At the Innovations in Walking and Cycling Conference held in London on Tuesday, Clement-Pascall told delegates in a presentation that VonCrank mechanics offer a “premium service for less than what a bike shop would charge." One of his presentation slides said bike shop customers get a "spicy bill" for their bike servicing.

Most UK bike shops employ Cytech-qualified mechanics. Cytech is the internationally-recognised training and accreditation scheme for bicycle technicians. Clement-Pascall confirmed to BikeBiz that VonCrank does not require its self-employed mechanics to have any qualifications as the firm's "onboarding" tests the skills of the prospective mechanic with picture- and video-quizzes. 

A "commuter" service from VonCrank costs £60. "Some mechanics have made £500 in one day," said Clement-Pascall.

"I want cyclists to pay less for their servicing so it encourages them to cycle more – maybe get three services a year rather than just one," said Clement-Pascall.

"Yes, we’re taking work away from bike shops," he claimed, "but there’s some stuff that we won’t do and we’ll leave that to a bike shop. This cuts down on the amount of tools mechanics need to carry."

To have their bikes diagnosed by a VonCrank mechanic, consumers can upload a video of the problem their bike is exhibiting. This alerts VonCrank mechanics to the type of job on offer, and the tools likely to be required.

"We have two tiers of mechanics," said Clement-Pascall.

"Ones who can do just puncture repairs and basic servicing, carrying certain levels of tools and spare parts. Then we have ones who have a greater inventory and skills, usually learnt through us."

Before he launched the business Clement-Pascall estimated the size of the London bike repair market to be worth £87,500 per day. He based this on 200 bike shops servicing seven bikes a day and each job costing £62.50.

"Our platform replaces bike shops for servicing," said Clement-Pascall.

The courier-based service planned for roll-out in March will offer gig-economy fees to couriers to attend emergency repair jobs.

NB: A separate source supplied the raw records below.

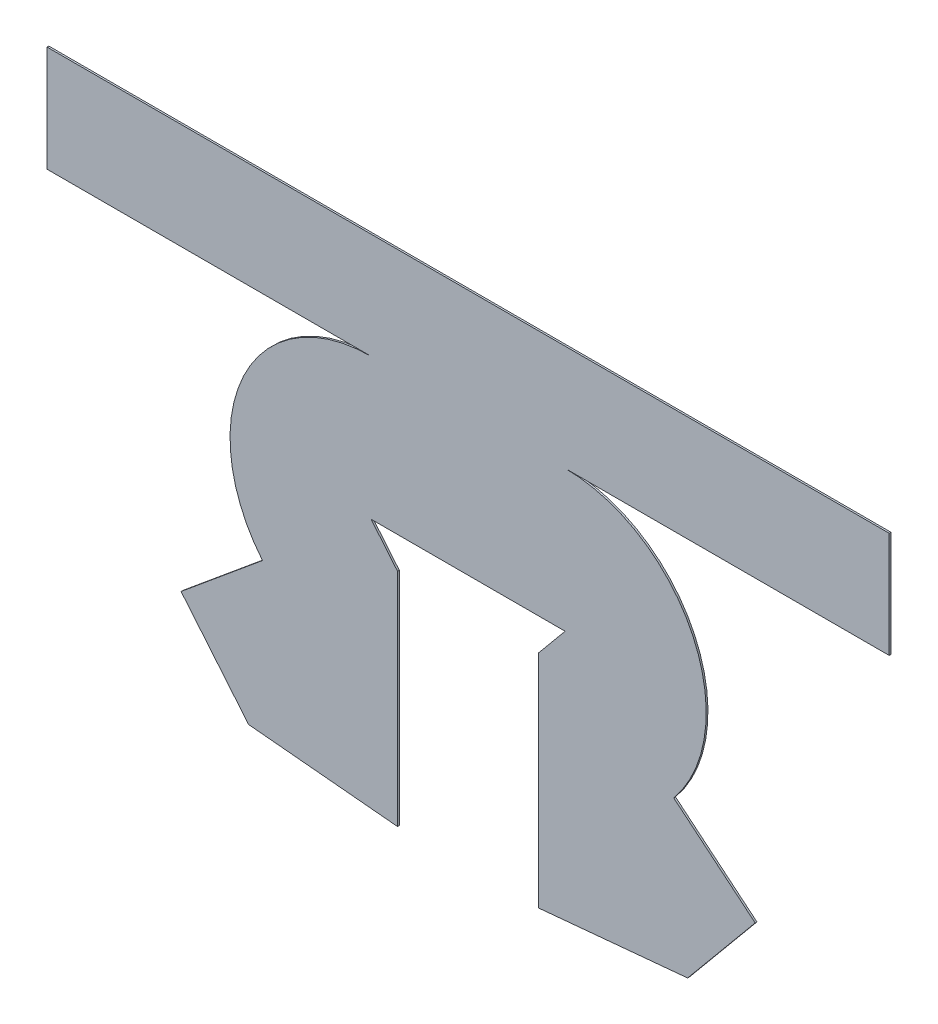
SolidWorks part; units mm, degrees
ref_plane "Front Plane" through (0, 0, 0) normal (0, 0, 1) x (1, 0, 0)
ref_plane "Top Plane" through (0, 0, 0) normal (0, 1, 0) x (1, 0, 0)
ref_plane "Right Plane" through (0, 0, 0) normal (1, 0, 0) x (0, 0, -1)
sketch "Sketch1" plane through (0, 0, 0) normal (0, 0, 1) x (1, 0, 0)
  line L0 (280.77, 169.165) -> (242.67, 123.2081)
  line L3 (1.37, 372.365) -> (280.77, 372.365)
  line L8 (1.37, 169.165) -> (39.47, 123.2081)
  line L11 (39.47, 169.165) -> (242.67, 169.165)
  line L13 (242.67, -195.1723) -> (242.67, 123.2081)
  line L17 (39.47, 123.2081) -> (39.47, -195.1723)
  line L20 (1.37, 169.165) -> (39.47, 169.165)
  line L21 (280.77, 169.165) -> (242.67, 169.165)
  line L22 (437.2026, 39.4766) -> (242.67, -195.1723)
  line L23 (1.37, 372.365) -> (280.77, 372.365)
  line L25 (-24.03, 524.765) -> (280.77, 524.765)
  line L27 (-24.03, 524.765) -> (-465.4695, 524.765)
  line L29 (1.37, 372.365) -> (-465.4695, 372.365)
  line L30 (-465.4695, 524.765) -> (-465.4695, 372.365)
  line L31 (-155.0626, 39.4766) -> (39.47, -195.1723)
  line L32 (-272.387, -57.7897) -> (-175.1207, -175.1141)
  line L33 (1.37, 372.365) -> (1.37, 169.165)
  line L34 (280.77, 372.365) -> (280.77, 169.165)
  line L36 (280.77, 372.365) -> (747.6096, 372.365)
  line L38 (280.77, 524.765) -> (747.6096, 524.765)
  line L39 (747.6096, 372.365) -> (747.6096, 524.765)
  line L42 (-175.1207, -175.1141) -> (39.47, -195.1723)
  line L43 (-272.387, -57.7897) -> (-155.0626, 39.4766)
  line L44 (554.5271, -57.7897) -> (457.2608, -175.1141)
  line L45 (457.2608, -175.1141) -> (242.67, -195.1723)
  line L46 (554.5271, -57.7897) -> (437.2026, 39.4766)
  arc A2 (1.37, 372.365) -> (-155.0626, 39.4766) centre (1.37, 169.165) ccw
  arc A3 (280.77, 372.365) -> (437.2026, 39.4766) centre (280.77, 169.165) cw
  dimension "D4" = 203.2
  dimension "D5" = 304.8
  dimension "D11" = 152.4
  dimension "D12" = 279.4
  dimension "D3" = 203.2
  dimension "D8" = 203.2
  dimension "D2" = 203.2
  dimension "D6" = 279.4
  dimension "D7" = 304.8
  dimension "D10" = 203.2
  dimension "D14" = 152.4
  dimension "D16" = 466.8396
  dimension "D19" = 152.4
extrude "Boss-Extrude2" add sketch "Sketch1" along normal blind 2.54 contours L34 L3 L33 L20 L11 L21 | L36 L39 L38 L25 L27 L30 L29 L3 | L33 A2 L31 L17 L8 | A3 L34 L0 L13 L22 | L44 L46 L22 L45 | L43 L32 L42 L31

"If you have a puncture or snap your chain we can be with you in 15-minutes," envisaged Clement-Pascall. Full-on bike repairs won't be offered, just "enough to get you moving," he said.

The VonCrank app is done in-house. Clement-Pascall has self-funded the start-up so far, as well as attracting one investor. "We now need to find a source of funding to help us scale," he told BikeBiz.